- **THE TASK**:
Reproduce nothing but the closing run of lines: the line with "C1: 0.22uF 275v;" and each line that follows it to the end of the data.

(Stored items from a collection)
----

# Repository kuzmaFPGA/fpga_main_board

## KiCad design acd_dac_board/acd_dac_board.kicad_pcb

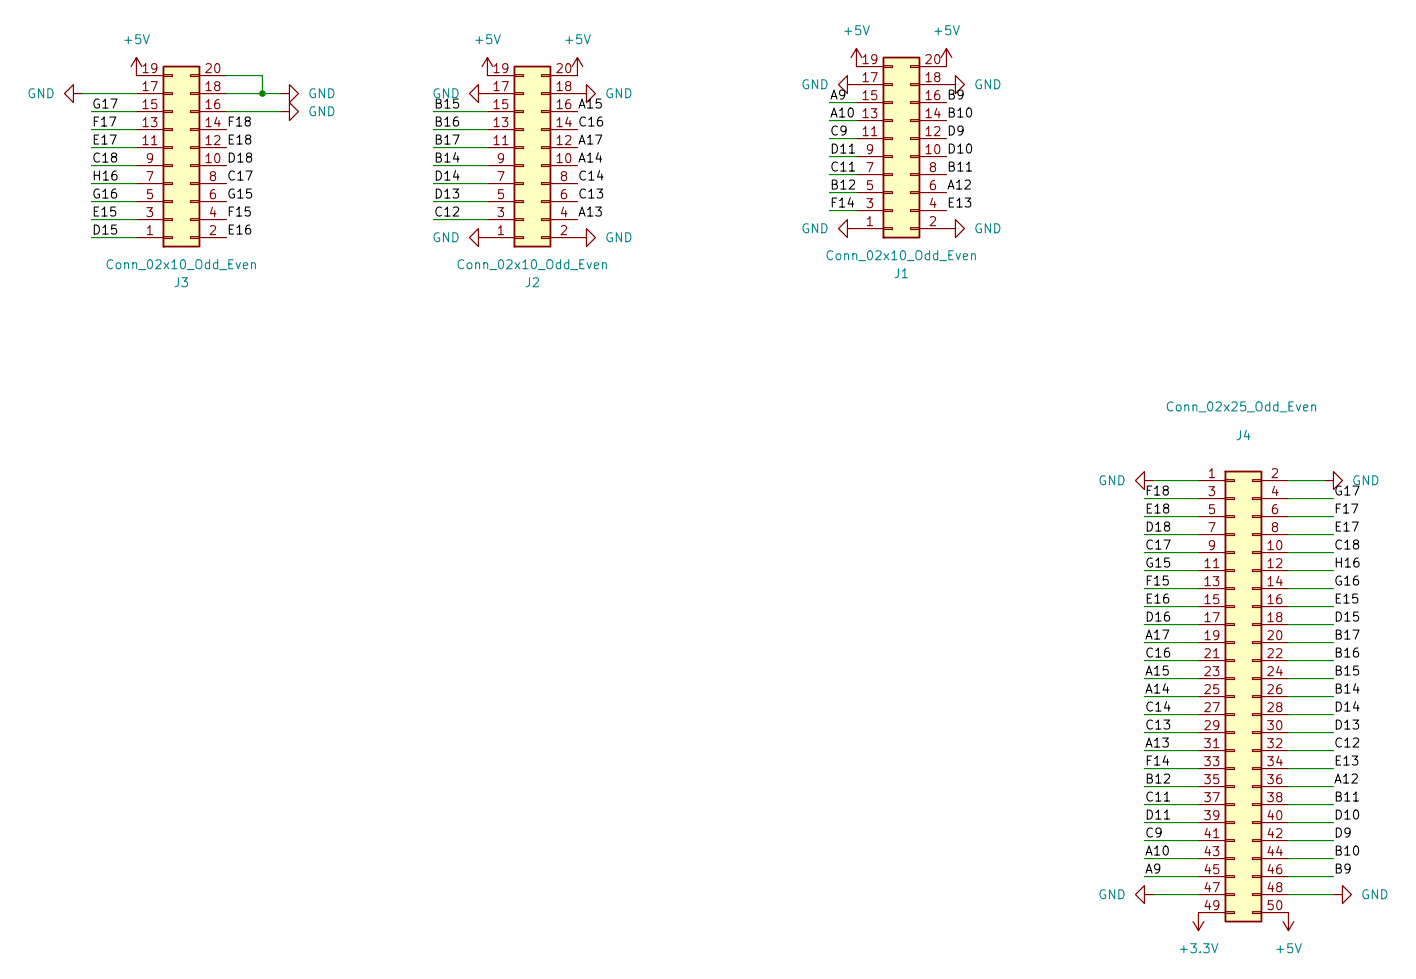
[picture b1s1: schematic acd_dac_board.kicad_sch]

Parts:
J1, J2, J3: Conn_02x10_Odd_Even; PinSocket_2x10_P2.54mm_Vertical
J4: Conn_02x25_Odd_Even; PinHeader_2x25_P2.54mm_Horizontal

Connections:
+3.3V: J4.49
+5V: J1.19, J1.20, J2.19, J2.20, J3.19, J4.50
/A9: J1.15, J4.45
/A10: J1.13, J4.43
/A12: J1.6, J4.36
/A13: J2.4, J4.31
/A14: J2.10, J4.25
/A15: J2.16, J4.23
/A17: J2.12, J4.19
/B9: J1.16, J4.46
/B10: J1.14, J4.44
/B11: J1.8, J4.38
/B12: J1.5, J4.35
/B14: J2.9, J4.26
/B15: J2.15, J4.24
/B16: J2.13, J4.22
/B17: J2.11, J4.20
/C9: J1.11, J4.41
/C11: J1.7, J4.37
/C12: J2.3, J4.32
/C13: J2.6, J4.29
/C14: J2.8, J4.27
/C16: J2.14, J4.21
/C17: J3.8, J4.9
/C18: J3.9, J4.10
/D9: J1.12, J4.42
/D10: J1.10, J4.40
/D11: J1.9, J4.39
/D13: J2.5, J4.30
/D14: J2.7, J4.28
/D15: J3.1, J4.18
/D16: J4.17
/D18: J3.10, J4.7
/E13: J1.4, J4.34
/E15: J3.3, J4.16
/E16: J3.2, J4.15
/E17: J3.11, J4.8
/E18: J3.12, J4.5
/F14: J1.3, J4.33
/F15: J3.4, J4.13
/F17: J3.13, J4.6
/F18: J3.14, J4.3
/G15: J3.6, J4.11
/G16: J3.5, J4.14
/G17: J3.15, J4.4
/H16: J3.7, J4.12
GND: J1.1, J1.2, J1.17, J1.18, J2.1, J2.2, J2.17, J2.18, J3.16, J3.17, J3.18, J3.20, J4.1, J4.2, J4.47, J4.48

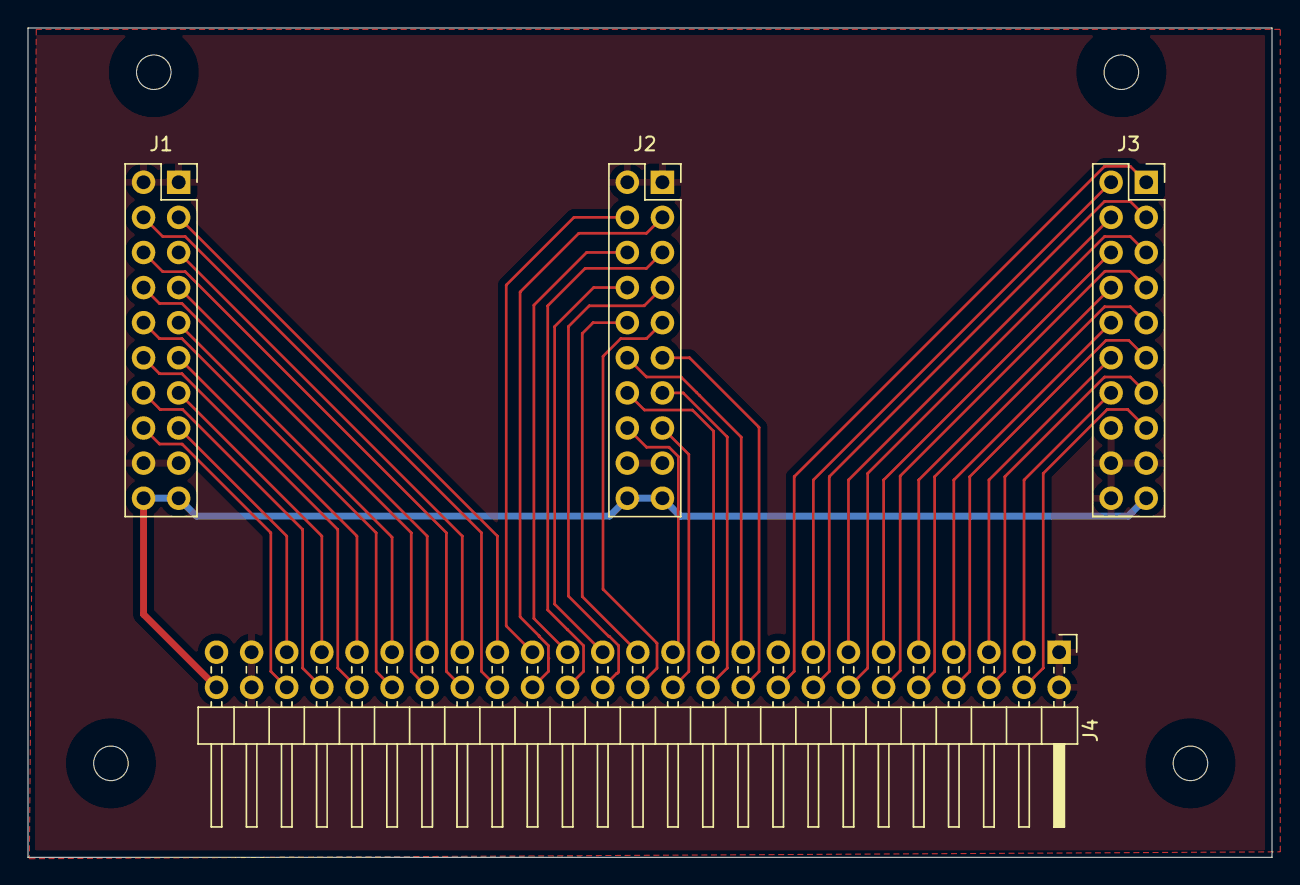
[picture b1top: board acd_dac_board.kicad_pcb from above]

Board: 2 copper layers, 90.0 x 60.0 mm, 4 parts (0 on the bottom side), 45 nets.

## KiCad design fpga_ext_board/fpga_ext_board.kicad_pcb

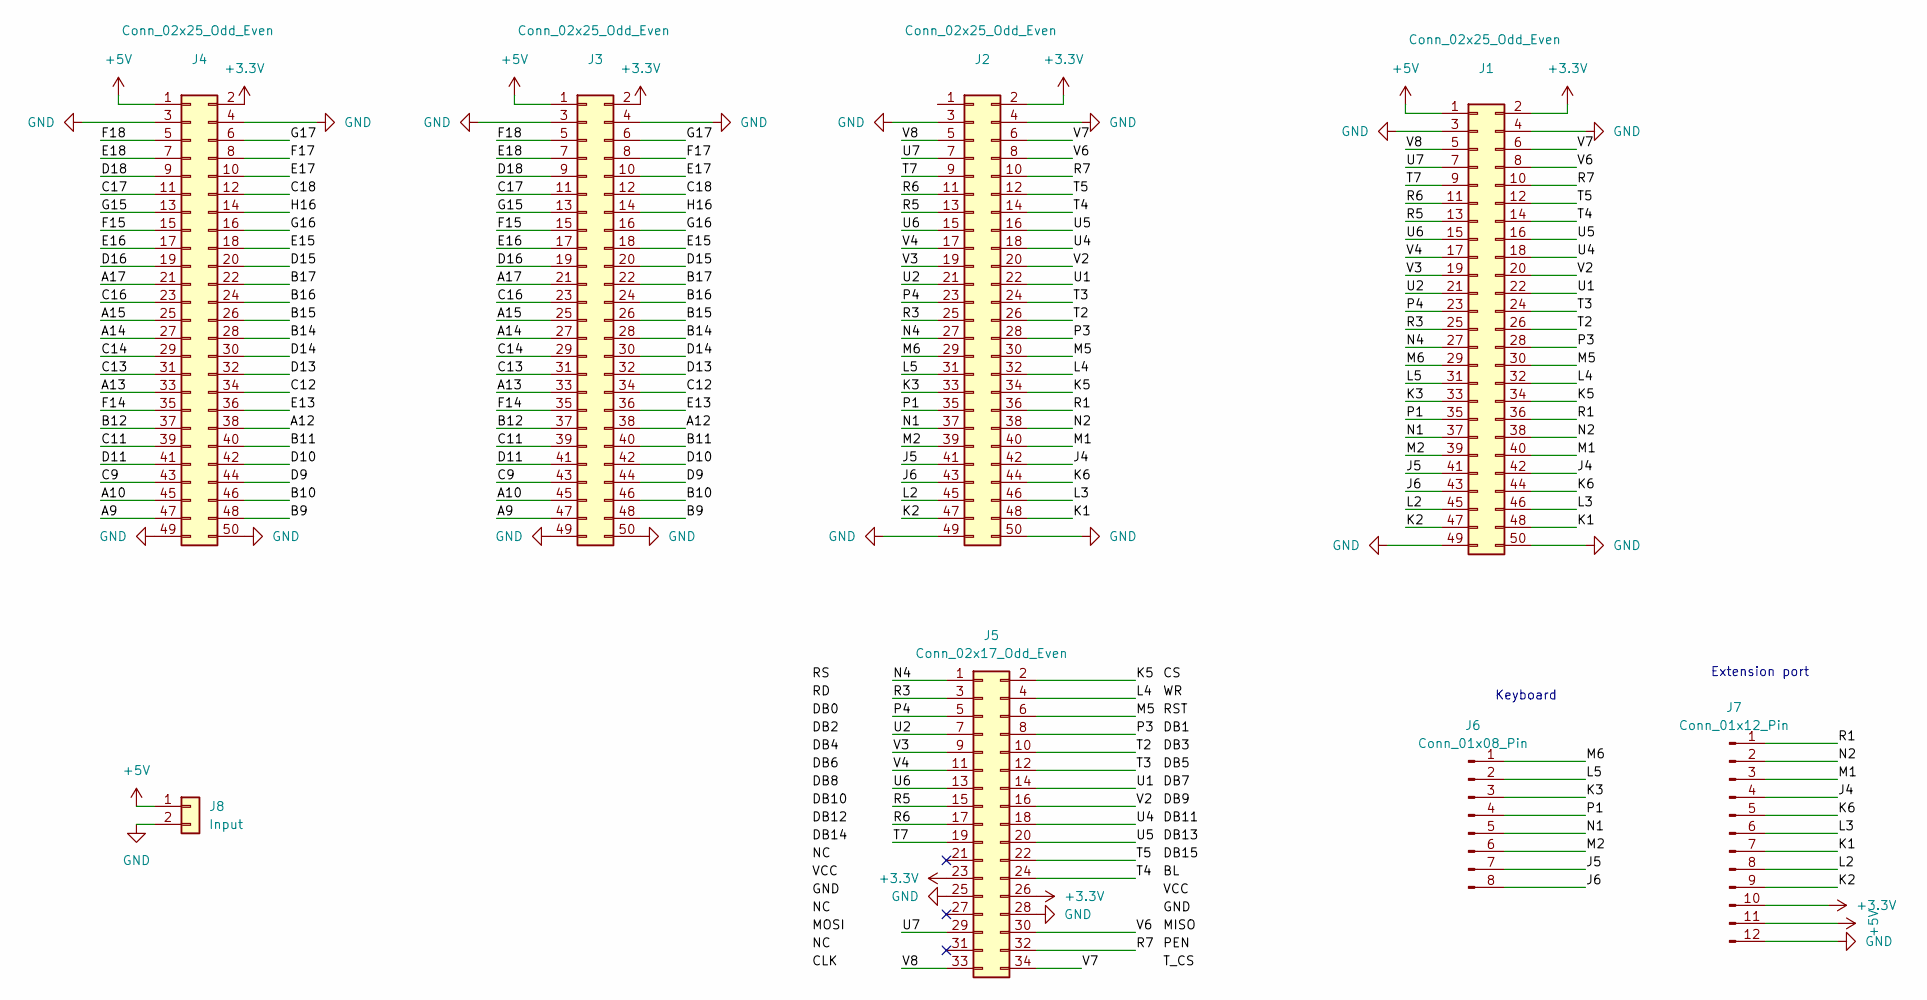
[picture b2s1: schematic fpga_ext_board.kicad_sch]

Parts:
J1, J2, J3, J4: Conn_02x25_Odd_Even; PinSocket_2x25_P2.54mm_Vertical
J5: Conn_02x17_Odd_Even; PinHeader_2x17_P2.54mm_Vertical
J6: Conn_01x08_Pin; PinHeader_1x08_P2.54mm_Vertical
J7: Conn_01x12_Pin; PinHeader_1x12_P2.54mm_Vertical
J8: Input; Molex_Micro-Fit_3.0_43650-0215_1x02_P3.00mm_Vertical

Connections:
+3.3V: J1.2, J2.2, J3.2, J4.2, J5.23, J5.26, J7.10
+5V: J1.1, J3.1, J4.1, J7.11, J8.1
/A9: J3.47, J4.47
/A10: J3.45, J4.45
/A12: J3.38, J4.38
/A13: J3.33, J4.33
/A14: J3.27, J4.27
/A15: J3.25, J4.25
/A17: J3.21, J4.21
/B9: J3.48, J4.48
/B10: J3.46, J4.46
/B11: J3.40, J4.40
/B12: J3.37, J4.37
/B14: J3.28, J4.28
/B15: J3.26, J4.26
/B16: J3.24, J4.24
/B17: J3.22, J4.22
/C9: J3.43, J4.43
/C11: J3.39, J4.39
/C12: J3.34, J4.34
/C13: J3.31, J4.31
/C14: J3.29, J4.29
/C16: J3.23, J4.23
/C17: J3.11, J4.11
/C18: J3.12, J4.12
/D9: J3.44, J4.44
/D10: J3.42, J4.42
/D11: J3.41, J4.41
/D13: J3.32, J4.32
/D14: J3.30, J4.30
/D15: J3.20, J4.20
/D16: J3.19, J4.19
/D18: J3.9, J4.9
/E13: J3.36, J4.36
/E15: J3.18, J4.18
/E16: J3.17, J4.17
/E17: J3.10, J4.10
/E18: J3.7, J4.7
/F14: J3.35, J4.35
/F15: J3.15, J4.15
/F17: J3.8, J4.8
/F18: J3.5, J4.5
/G15: J3.13, J4.13
/G16: J3.16, J4.16
/G17: J3.6, J4.6
/H16: J3.14, J4.14
/J4: J1.42, J2.42, J7.4
/J5: J1.41, J2.41, J6.7
/J6: J1.43, J2.43, J6.8
/K1: J1.48, J2.48, J7.7
/K2: J1.47, J2.47, J7.9
/K3: J1.33, J2.33, J6.3
/K5: J1.34, J2.34, J5.2
/K6: J1.44, J2.44, J7.5
/L2: J1.45, J2.45, J7.8
/L3: J1.46, J2.46, J7.6
/L4: J1.32, J2.32, J5.4
/L5: J1.31, J2.31, J6.2
/M1: J1.40, J2.40, J7.3
/M2: J1.39, J2.39, J6.6
/M5: J1.30, J2.30, J5.6
/M6: J1.29, J2.29, J6.1
/N1: J1.37, J2.37, J6.5
/N2: J1.38, J2.38, J7.2
/N4: J1.27, J2.27, J5.1
/P1: J1.35, J2.35, J6.4
/P3: J1.28, J2.28, J5.8
/P4: J1.23, J2.23, J5.5
/R1: J1.36, J2.36, J7.1
/R3: J1.25, J2.25, J5.3
/R5: J1.13, J2.13, J5.15
/R6: J1.11, J2.11, J5.17
/R7: J1.10, J2.10, J5.32
/T2: J1.26, J2.26, J5.10
/T3: J1.24, J2.24, J5.12
/T4: J1.14, J2.14, J5.24
/T5: J1.12, J2.12, J5.22
/T7: J1.9, J2.9, J5.19
/U1: J1.22, J2.22, J5.14
/U2: J1.21, J2.21, J5.7
/U4: J1.18, J2.18, J5.18
/U5: J1.16, J2.16, J5.20
/U6: J1.15, J2.15, J5.13
/U7: J1.7, J2.7, J5.29
/V2: J1.20, J2.20, J5.16
/V3: J1.19, J2.19, J5.9
/V4: J1.17, J2.17, J5.11
/V6: J1.8, J2.8, J5.30
/V7: J1.6, J2.6, J5.34
/V8: J1.5, J2.5, J5.33
GND: J1.3, J1.4, J1.49, J1.50, J2.3, J2.4, J2.49, J2.50, J3.3, J3.4, J3.49, J3.50, J4.3, J4.4, J4.49, J4.50, J5.25, J5.28, J7.12, J8.2

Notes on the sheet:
Keyboard
Extension port

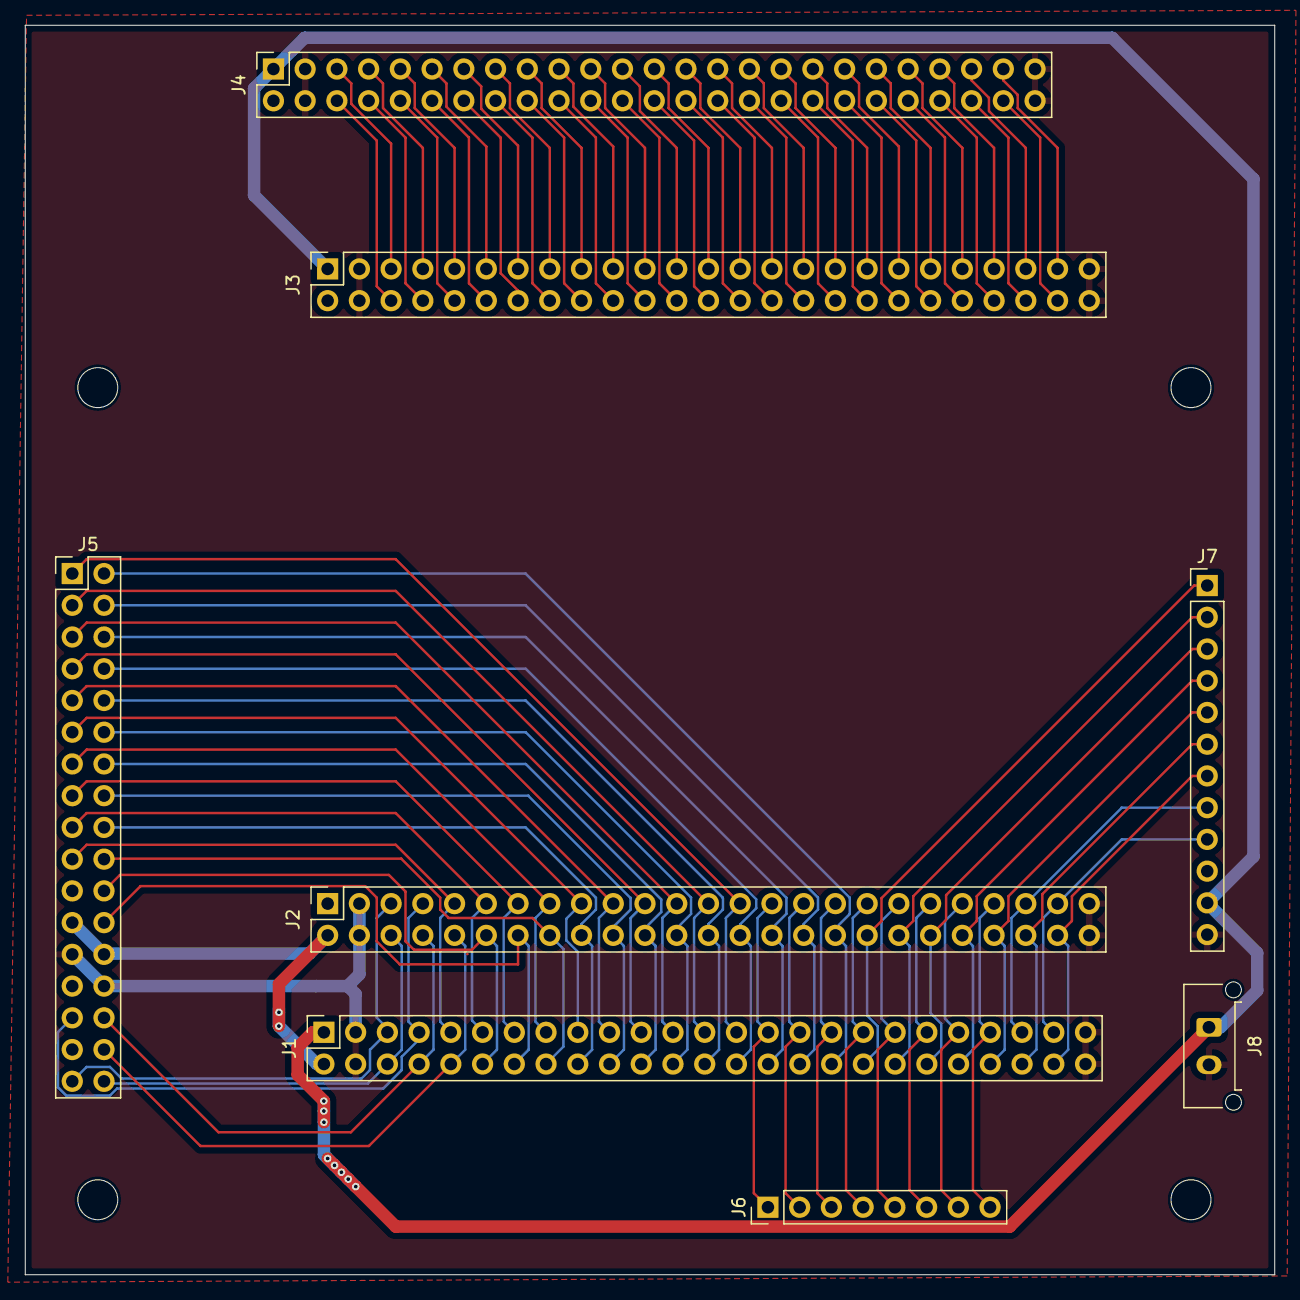
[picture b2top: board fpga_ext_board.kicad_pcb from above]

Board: 2 copper layers, 100.0 x 100.0 mm, 12 parts (0 on the bottom side), 91 nets.

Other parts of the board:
REF1, REF2, REF3, REF4: MountingHole_3.2mm_M3

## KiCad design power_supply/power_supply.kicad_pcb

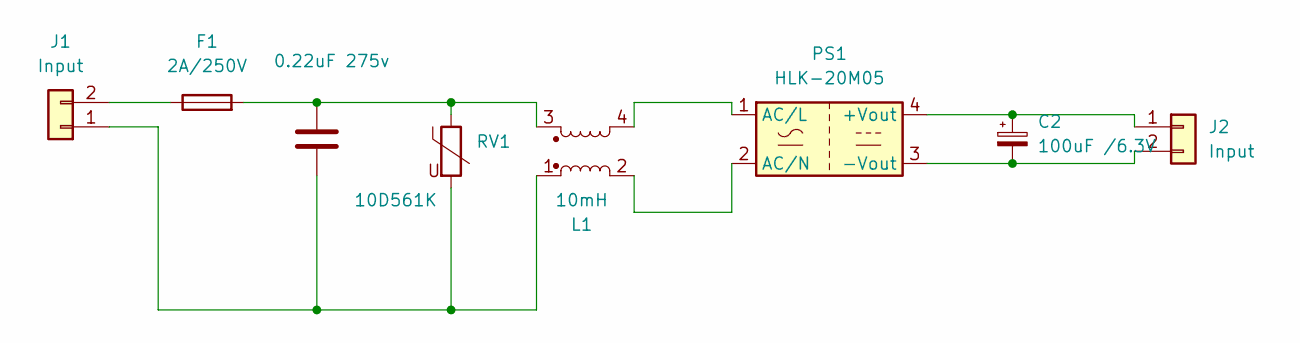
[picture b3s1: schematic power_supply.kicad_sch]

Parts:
C1: 0.22uF 275v; CAPRR2250W80L2650T1050H1650; Part Description 0.1uF 10% 100V Ceramic Capacitor X5R 04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
C2: 100uF /6.3V; CP_Radial_D5.0mm_P2.50mm
F1: 2A/250V; Fuseholder_Cylinder-5x20mm_Stelvio-Kontek_PTF78_Horizontal_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
J1: Input; TE_826576-2_1x02_P3.96mm_Vertical
J2: Input; Molex_Micro-Fit_3.0_43650-0215_1x02_P3.00mm_Vertical
L1: 10mH; IndRing
PS1: HLK-20M05; Converter_ACDC_Hi-Link_HLK-20Mxx
RV1: 10D561K; Bourns_Inc.-MOV-14D471K-MFG

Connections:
unnamed: C1.1, F1.2, L1.3, RV1.1
unnamed: C1.2, J1.1, L1.1, RV1.2
unnamed: F1.1, J1.2
unnamed: C2.1, J2.1, PS1.4 (+Vout)
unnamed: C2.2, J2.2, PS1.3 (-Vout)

----

- **RESULT BELOW**:
C1: 0.22uF 275v; CAPRR2250W80L2650T1050H1650; Part Description 0.1uF 10% 100V Ceramic Capacitor X5R 04
C2: 100uF /6.3V; CP_Radial_D5.0mm_P2.50mm
F1: 2A/250V; Fuseholder_Cylinder-5x20mm_Stelvio-Kontek_PTF78_Horizontal_
J1: Input; TE_826576-2_1x02_P3.96mm_Vertical
J2: Input; Molex_Micro-Fit_3.0_43650-0215_1x02_P3.00mm_Vertical
L1: 10mH; IndRing
PS1: HLK-20M05; Converter_ACDC_Hi-Link_HLK-20Mxx
RV1: 10D561K; Bourns_Inc.-MOV-14D471K-MFG

Connections:
unnamed: C1.1, F1.2, L1.3, RV1.1
unnamed: C1.2, J1.1, L1.1, RV1.2
unnamed: F1.1, J1.2
unnamed: C2.1, J2.1, PS1.4 (+Vout)
unnamed: C2.2, J2.2, PS1.3 (-Vout)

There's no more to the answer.